Bhagat Singh Thind, and the fight for citizenship
By Anu Kumar
On November 18, 1920, Judge Charles Wolverton of the District Court of Oregon passed a verdict of weighty importance but limited effect. Before him was the case of Bhagat Singh Thind, a World War I veteran of the US Army whose stabs at gaining US citizenship had been spurned by the administration. In his plea, Thind contended that as a “high caste Hindu Aryan” he was Caucasian – a “free white person” who, under law, could not be denied American citizenship. After some deliberation, Judge Wolverton agreed, clearing the way for Thind to become a naturalised citizen, until the government intervened again.
The Oregon court’s judgement had followed similar conclusions reached by courts, at state and federal level. In the Bicaji Balsara naturalization case of 1909, Parsis were classified as Aryan and, thus, white. Similarly, in 1913, the court had granted Akhoy Kumar Mozumdar citizenship because he was a “high caste north Indian Aryan” and there was legal precedent for doing so.
While these verdicts were careful to insist that each was based on “legal precedence”, “congressional intent” and “scientific evidence”, they did coincide with rising antiAsian movements and increasing instances of violence against the Chinese, Japanese and Indians. Dubious racial theories and the pseudoscience of eugenics were gaining ground in the US, stirring vitriol in the society.
About sixteen months later, the Supreme Court reached its verdict, one of the most consequential of the time. Revoking Thind’s naturalised status, the court said that Thind did not meet a “common sense” definition of white. Judge George Sutherland, writing for the court, insisted the ruling was a matter of “racial difference”, not one of proving “racial inferiority”.
The decision would settle for the next two decades the question of who could become a naturalised citizen. By upholding the 1917 Immigration Act (the Barred Zone Act), the court effectively put a stop to migration from Asia, until the Luce-Celler Act in 1946 permitted an annual quota of 100 migrants from India and granted citizenship to resident aliens in the US.
Early life
Thind arrived in the United States in July 1913, on SS Minnesota, aged barely 20. In his first papers, the documents produced by every new immigrant, were the raw details of his early life. Thind was born on October 6, 1892, in Taragarh in Punjab’s Amritsar district, the oldest of three brothers. His father served as a junior police officer.
Thind studied at Amritsar’s Khalsa College, where he showed interest in philosophy and metaphysics, subjects that would help him later as a lecturer. Like many others in Punjab at the time, he decided to migrate to the US. But his journey first took him to the Philippines, where he worked as an interpreter for a few months. In his early years in the US (1914-1920), he worked in lumber mills on the West coast, including Hammond Lumber Company in Astoria, Oregon.

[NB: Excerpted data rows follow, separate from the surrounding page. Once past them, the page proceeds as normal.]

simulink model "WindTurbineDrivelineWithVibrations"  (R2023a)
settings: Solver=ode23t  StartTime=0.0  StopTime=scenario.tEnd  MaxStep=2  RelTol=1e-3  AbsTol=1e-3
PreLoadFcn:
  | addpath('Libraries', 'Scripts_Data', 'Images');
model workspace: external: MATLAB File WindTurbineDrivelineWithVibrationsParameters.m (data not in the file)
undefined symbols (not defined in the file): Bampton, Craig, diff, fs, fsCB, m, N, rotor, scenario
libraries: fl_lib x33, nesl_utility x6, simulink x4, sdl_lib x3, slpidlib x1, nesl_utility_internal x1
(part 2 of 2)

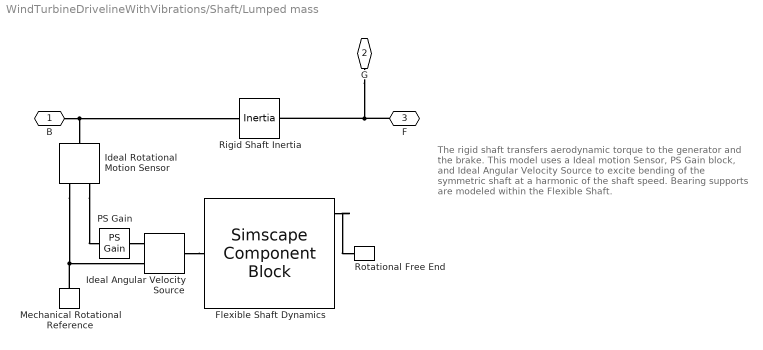
== system WindTurbineDrivelineWithVibrations/Shaft/Lumped mass ==
  note: The rigid shaft transfers aerodynamic torque to the generator and the brake.
      |
      | This model uses a Ideal motion Sensor, PS Gain block, and Ideal Angular Velocity Source to excite bending of the symmetric shaft at a harmonic of the shaft speed. Bearing supports are modeled within the Flexible Shaft.
  Flexible Shaft Dynamics : SimscapeComponentBlock  SourceFile=sdl.couplings.flexible_shaft  ComponentPath=sdl.couplings.flexible_shaft  ComponentVariants="[\"sdl.couplings.flexible_shaft\"]"  ComponentVariantNames="[\"flexible_shaft\"]"  ClassName=flexible_shaft  SchemaVersion=1  modelTorsion=true  modelTransverse=true  n_segments=1  parameterization=sdl.enum.shaftParameterization.MaterialPropertiesVaried  length=fs.length_shaft m  lengths=diff(fs.z_shaft) m  shaft_stiffness=2e5 N*m/rad  shaft_inertia=0.02 kg*m^2  shaft_stiffnesses=[400000, 200000, 100000] N*m/rad  shaft_inertias=[.025, .02, .015] kg*m^2  eiIN=5e5 Pa*m^4  rhoaIN=19 kg/m  eiINs=[600000, 500000, 400000] Pa*m^4  rhoaINs=[20, 19, 18] kg/m  density=fs.material_density kg/m^3  shear_modulus=fs.shear_modulus Pa  elastic_modulus=fs.elastic_modulus Pa  shaft_construction=sdl.enum.shaftConstruction.annular  diameter_outer=fs.diameters_outer(1) m  diameter_inner=fs.diameters_inner(1) m  diameter_outers=interp1(fs.z_TLU, fs.diameters_outer_TLU, fs.z_shaft(2:end)) m  diameter_inners=interp1(fs.z_TLU, fs.diameters_inner_TLU, fs.z_shaft(2:end)) m  damping_ratio=0.01  mu_visc_BF=[0, 0] N*m/(rad/s)  mu_visc=fs.mu_visc_tors N*m/(rad/s)  initial_deflection=0 rad  initial_velocity=0 rpm  num_supports=sdl.enum.num_supports.four  z_support=fs.z_support m  boundaryB1=sdl.enum.shaftSupport.bearingMatrix_speed  DrotB1_row=fs.bearing.d_rot N*m/(rad/s)  DtransB1_row=[20000, -44000, -44000, 350000] N/(m/s)  DtransB1_w_mat=fs.bearing.D N/(m/s)  KrotB1_row=fs.bearing.k_rot N*m/rad  KtransB1_row=[1000000, -200000, -300000, 5000000] N/m  KtransB1_w_mat=fs.bearing.K N/m  boundaryI1=sdl.enum.shaftSupport.bearingMatrix_speed  DrotI1_row=fs.bearing.d_rot N*m/(rad/s)  DtransI1_row=[20000, -44000, -44000, 350000] N/(m/s)  DtransI1_w_mat=fs.bearing.D N/(m/s)  KrotI1_row=fs.bearing.k_rot N*m/rad  KtransI1_row=[1000000, -200000, -300000, 5000000] N/m  KtransI1_w_mat=fs.bearing.K N/m  boundaryI2=sdl.enum.shaftSupport.bearingMatrix_speed  DrotI2_row=fs.bearing.d_rot N*m/(rad/s)  DtransI2_row=[20000, -44000, -44000, 350000] N/(m/s)  DtransI2_w_mat=fs.bearing.D N/(m/s)  KrotI2_row=fs.bearing.k_rot N*m/rad  KtransI2_row=[1000000, -200000, -300000, 5000000] N/m  KtransI2_w_mat=fs.bearing.K N/m  boundaryF1=sdl.enum.shaftSupport.bearingMatrix_speed  DrotF1_row=fs.bearing.d_rot N*m/(rad/s)  DtransF1_row=[20000, -44000, -44000, 350000] N/(m/s)  DtransF1_w_mat=fs.bearing.D N/(m/s)  KrotF1_row=fs.bearing.k_rot N*m/rad  KtransF1_row=[1000000, -200000, -300000, 5000000] N/m  KtransF1_w_mat=fs.bearing.K N/m  bearing_speed=fs.bearing_speed*fs.excitationPoles rpm  alpha=fs.a_damp 1/s  beta=fs.b_damp s  noDisk=sdl.enum.shaftDisks.disk  zDisk=fs.z_mass m  mDiskIN=fs.point_mass kg  IdDiskIN=fs.Id kg*m^2  IpDiskIN=fs.Ip./fs.excitationPoles kg*m^2  enable_static_unbalance=true  offsetMR=fs.excitationLoad./(fs.excitationPoles*fs.wNominal_forcing)^2 kg*m  offsetMR_initialAngleIN=0 rad  offsetMassLocation=fs.z_generator m  enable_external_force=false  externalForce=[1, 2] N  externalForceHarmonic=[.5, 2]  externalLoadAngle=[pi / 2, 3 * pi / 4] rad  zExternalLoad=[.25, .75] m  AnalysisMethod=sdl.enum.bendingAnalysisMethod.LumpedMass  ModeInputMethod=sdl.enum.modeInputMethod.SimscapeDetermined  numModesIn=fs.num_modes  mode_speed_dependency=sdl.enum.mode_speed_dependency.Dynamic  OmegaNom=fs.w_shaft_nominal rad/s  wMax=fs.wMax rad/s  dz=fs.dz m  userMode_w=[280, 644, 615, 1285] rad/s  userMode_w_mat=[257, 780, 580, 1560; 280, 644, 615, 1285; 294, 513, 636, 1020] rad/s  userMode_z=[0, .1, .2, .3, .4, .5, .6, .7, .8, .9, 1] m  userMode_shapeX=[.1648, .0086, -.2759, .0162; .1671, .0093, -.2231, .0133; .1691, .01, -.1689, .0102; .1707, .0105, -.1135, .007; .1717, .0108, -.057, .0035; .1721, .0109, 0, 0; .1717, .0108, .057, -.0035; .1707, .0105, .1135, -.007; .1691, .01, .1689, -.0102; .1671, .0093, .2231, -.0133; .1648, .0086, .2759, -.0162]  userMode_shapeX_mat=cat(3, [.1842, .0134, -.3072, .0272; .1863, .0152, -.2482, .0226; .1882, .0169, -.1878, .0176; .1897, .0182, -.1261, .0121; .1906, .019, -.0634, .0062; .191, .0193, 0, 0; .1906, .019, .0634, -.0062; .1897, .0182, .1261, -.0121; .1882, .0169, .1878, -.0176; .1863, .0152, .2482, -.0226; .1842, .0134, .3072, -.0272], [.1648, .0086, -.2759, .0162; .1671, .0093, -.2231, .0133; .1691, .01, -.1689, .0102; .1707, .0105, -.1135, .007; .1717, .0108, -.057, .0035; .1721, .0109, 0, 0; .1717, .0108, .057, -.0035; .1707, .0105, .1135, -.007; .1691, .01, .1689, -.0102; .1671, .0093, .2231, -.0133; .1648, .0086, .2759, -.0162], [.1291, .0046, -.2166, .0082; .131, .0048, -.1751, .0067; .1327, .005, -.1327, .0051; .1341, .0052, -.0891, .0035; .135, .0053, -.0448, .0017; .1353, .0053, 0, 0; .135, .0053, .0448, -.0017; .1341, .0052, .0891, -.0035; .1327, .005, .1327, -.0051; .131, .0048, .1751, -.0067; .1291, .0046, .2166, -.0082])  userMode_shapeY=[.1193, -.1784, -.1997, -.3348; .1209, -.1933, -.1615, -.2751; .1224, -.2068, -.1223, -.2119; .1235, -.2176, -.0821, -.1445; .1243, -.2245, -.0413, -.0734; .1246, -.2269, 0, 0; .1243, -.2245, .0413, .0734; .1235, -.2176, .0821, .1445; .1224, -.2068, .1223, .2119; .1209, -.1933, .1615, .2751; .1193, -.1784, .1997, .3348]  userMode_shapeY_mat=cat(3, [.0885, -.1625, -.1475, -.3301; .0895, -.1847, -.1192, -.2745; .0904, -.2048, -.0902, -.2141; .0911, -.2209, -.0606, -.1475; .0916, -.2313, -.0304, -.0754; .0917, -.2349, 0, 0; .0916, -.2313, .0304, .0754; .0911, -.2209, .0606, .1475; .0904, -.2048, .0902, .2141; .0895, -.1847, .1192, .2745; .0885, -.1625, .1475, .3301], [.1193, -.1784, -.1997, -.3348; .1209, -.1933, -.1615, -.2751; .1224, -.2068, -.1223, -.2119; .1235, -.2176, -.0821, -.1445; .1243, -.2245, -.0413, -.0734; .1246, -.2269, 0, 0; .1243, -.2245, .0413, .0734; .1235, -.2176, .0821, .1445; .1224, -.2068, .1223, .2119; .1209, -.1933, .1615, .2751; .1193, -.1784, .1997, .3348], [.1566, -.1901, -.2628, -.3377; .1589, -.1994, -.2125, -.2753; .161, -.2079, -.1609, -.2103; .1627, -.2146, -.1081, -.1424; .1638, -.219, -.0544, -.0719; .1642, -.2205, 0, 0; .1638, -.219, .0544, .0719; .1627, -.2146, .1081, .1424; .161, -.2079, .1609, .2103; .1589, -.1994, .2125, .2753; .1566, -.1901, .2628, .3377])  eta_lumped_nominal=1  etaDer_lumped_nominal=1  eta_modal_nominal=1  etaDer_modal_nominal=1
      settings: CopyFcn=simscape.engine.sli.internal.componentblockcallback(gcbh,'COPY')  PreCopyFcn=simscape.engine.sli.internal.componentblockcallback(gcbh,'PRECOPY')  PreDeleteFcn=simscape.engine.sli.internal.componentblockcallback(gcbh,'PREDELETE')  InternalSimscapePortConfiguration="{\"Bottom\":[{\"id\":\"Fsupports\",\"label\":\"Fr\",\"type\":\"output\"},{\"id\":\"Msupports\",\"label\":\"M\",\"type\":\"output\"},{\"id\":\"Vsupports\",\"label\":\"V\",\"type\":\"output\"},{\"id\":\"Wsupports\",\"label\":\"W\",\"type\":\"output\"}],\"Left\":[{\"id\":\"B\",\"label\":\"B\",\"type\":\"foundation.mechanical.rotational.rotational\"}],\"Right\":[{\"id\":\"F\",\"label\":\"F\",\"type\":\"foundation.mechanical.rotational.rotational\"}],\"Top\":[]}"
      mask Type: Flexible Shaft
  Ideal Angular Velocity Source : fl_lib/Mechanical/Mechanical Sources/Ideal Angular Velocity Source
  Ideal Rotational Motion Sensor : fl_lib/Mechanical/Mechanical Sensors/Ideal Rotational Motion Sensor  reference=foundation.enum.MeasurementReference.difference  acceleration_port=false  velocity_port=true  position_port=false  wrap_angle=false  offset=0 rad
      settings: InternalSimscapePortConfiguration="{\"Bottom\":[],\"Left\":[{\"id\":\"R\",\"label\":\"R\",\"type\":\"foundation.mechanical.rotational.rotational\"}],\"Right\":[{\"id\":\"C\",\"label\":\"C\",\"type\":\"foundation.mechanical.rotational.rotational\"},{\"id\":\"W\",\"label\":\"W\",\"type\":\"output\"}],\"Top\":[]}"
  Mechanical Rotational Reference : fl_lib/Mechanical/Rotational Elements/Mechanical Rotational Reference
  PS Gain : fl_lib/Physical Signals/Functions/PS Gain  gain=fs.excitationPoles
  Rigid Shaft Inertia : fl_lib/Mechanical/Rotational Elements/Inertia  inertia=fs.Ip_total kg*m^2  num_ports=foundation.enum.numPorts2.two  w_specify=off  w_priority=High  w=0 rad/s  w_nominal_specify=off  w_nominal_unit=rad/s  w_nominal_value=1  t_specify=off  t_priority=None  t=0 N*m  t_nominal_specify=off  t_nominal_unit=N*m  t_nominal_value=1
      settings: InternalSimscapePortConfiguration="{\"Bottom\":[],\"Left\":[{\"id\":\"I\",\"label\":\"\",\"type\":\"foundation.mechanical.rotational.rotational\"}],\"Right\":[{\"id\":\"J\",\"label\":\"\",\"type\":\"foundation.mechanical.rotational.rotational\"}],\"Top\":[]}"
  Rotational Free End : fl_lib/Mechanical/Rotational Elements/Rotational Free End  w_specify=off  w_priority=None  w=0 rad/s  w_nominal_specify=off  w_nominal_unit=rad/s  w_nominal_value=1
  B : PMIOPort  Side=Left
  G : PMIOPort  Port=2  Side=Left
  F : PMIOPort  Port=3  Side=Right
  connections:
  F/RConn1 -- Rigid Shaft Inertia/LConn1 -- G/RConn1
  B/RConn1 -- Rigid Shaft Inertia/RConn1 -- Ideal Rotational Motion Sensor/LConn1
  Mechanical Rotational Reference/LConn1 -- Ideal Angular Velocity Source/RConn2 -- Ideal Rotational Motion Sensor/RConn1
  Ideal Angular Velocity Source/LConn1 -- Flexible Shaft Dynamics/LConn1
  PS Gain/RConn1 -- Ideal Angular Velocity Source/RConn1
  Ideal Rotational Motion Sensor/RConn2 -- PS Gain/LConn1
  Flexible Shaft Dynamics/RConn1 -- Rotational Free End/LConn1

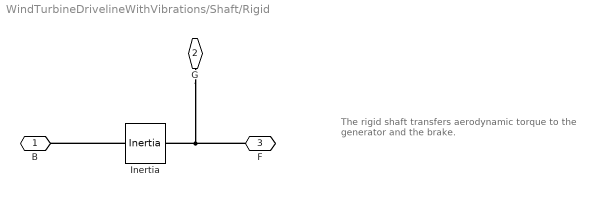
== system WindTurbineDrivelineWithVibrations/Shaft/Rigid ==
  note: The rigid shaft transfers aerodynamic torque to the generator and the brake.
  Inertia : fl_lib/Mechanical/Rotational Elements/Inertia  inertia=fs.Ip_total kg*m^2  num_ports=foundation.enum.numPorts2.two  w_specify=off  w_priority=High  w=0 rad/s  w_nominal_specify=off  w_nominal_unit=rad/s  w_nominal_value=1  t_specify=off  t_priority=None  t=0 N*m  t_nominal_specify=off  t_nominal_unit=N*m  t_nominal_value=1
      settings: InternalSimscapePortConfiguration="{\"Bottom\":[],\"Left\":[{\"id\":\"I\",\"label\":\"\",\"type\":\"foundation.mechanical.rotational.rotational\"}],\"Right\":[{\"id\":\"J\",\"label\":\"\",\"type\":\"foundation.mechanical.rotational.rotational\"}],\"Top\":[]}"
  B : PMIOPort  Side=Left
  G : PMIOPort  Port=2  Side=Left
  F : PMIOPort  Port=3  Side=Right
  connections:
  Inertia/RConn1 -- B/RConn1
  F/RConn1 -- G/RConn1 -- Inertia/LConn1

Astoria’s Hindu Alley, a street largely populated by Indian workers, was a major source of support for Ghadar Party, a movement started in the US in 1913 with the intent of securing India’s freedom by violently ousting the British. In Astoria, Ghadar leaders such as Har Dayal, Sohan Singh Bakhna and Ram Chandra addressed meetings and raised money for their newspaper, press and party headquarters in San Francisco.
For a time, in 1916 and 1917, Thind was a close associate of Bhagwan Singh, a key Ghadar figure. This association and British pressure on US authorities, as Thind himself and historians like Doug Coulson have hinted, worked against him in his quest for naturalization. Following the imprisonment of some key Ghadar figures in April 1918 for their role in what was called the “the Hindu-German conspiracy” to overthrow the British Raj in India, Thind briefly edited the Ghadar newsletter. It is said he took on the role to raise funds so he could study at Berkeley.
Spiritual lecturer
Despite the many setbacks in his life, Thind became a regular on the lecture circuit in the US. In his early talks, from 1922 to 1924, he spoke on subjects like opium trade, Gandhi, and British rule. But by the mid-1920s, it was the abstract and esoteric that attracted him, and he began speaking on, for example, the “spiritual debt of the world to India”, “dynamics of thought” and the “search for happiness”. While most of his lectures were based on Sikh precepts and the teachings he had learned, he drew on his wide reading of other sacred texts and philosophical tracts. Often in his lectures, he took time out to teach chanting and rhythmic breathing.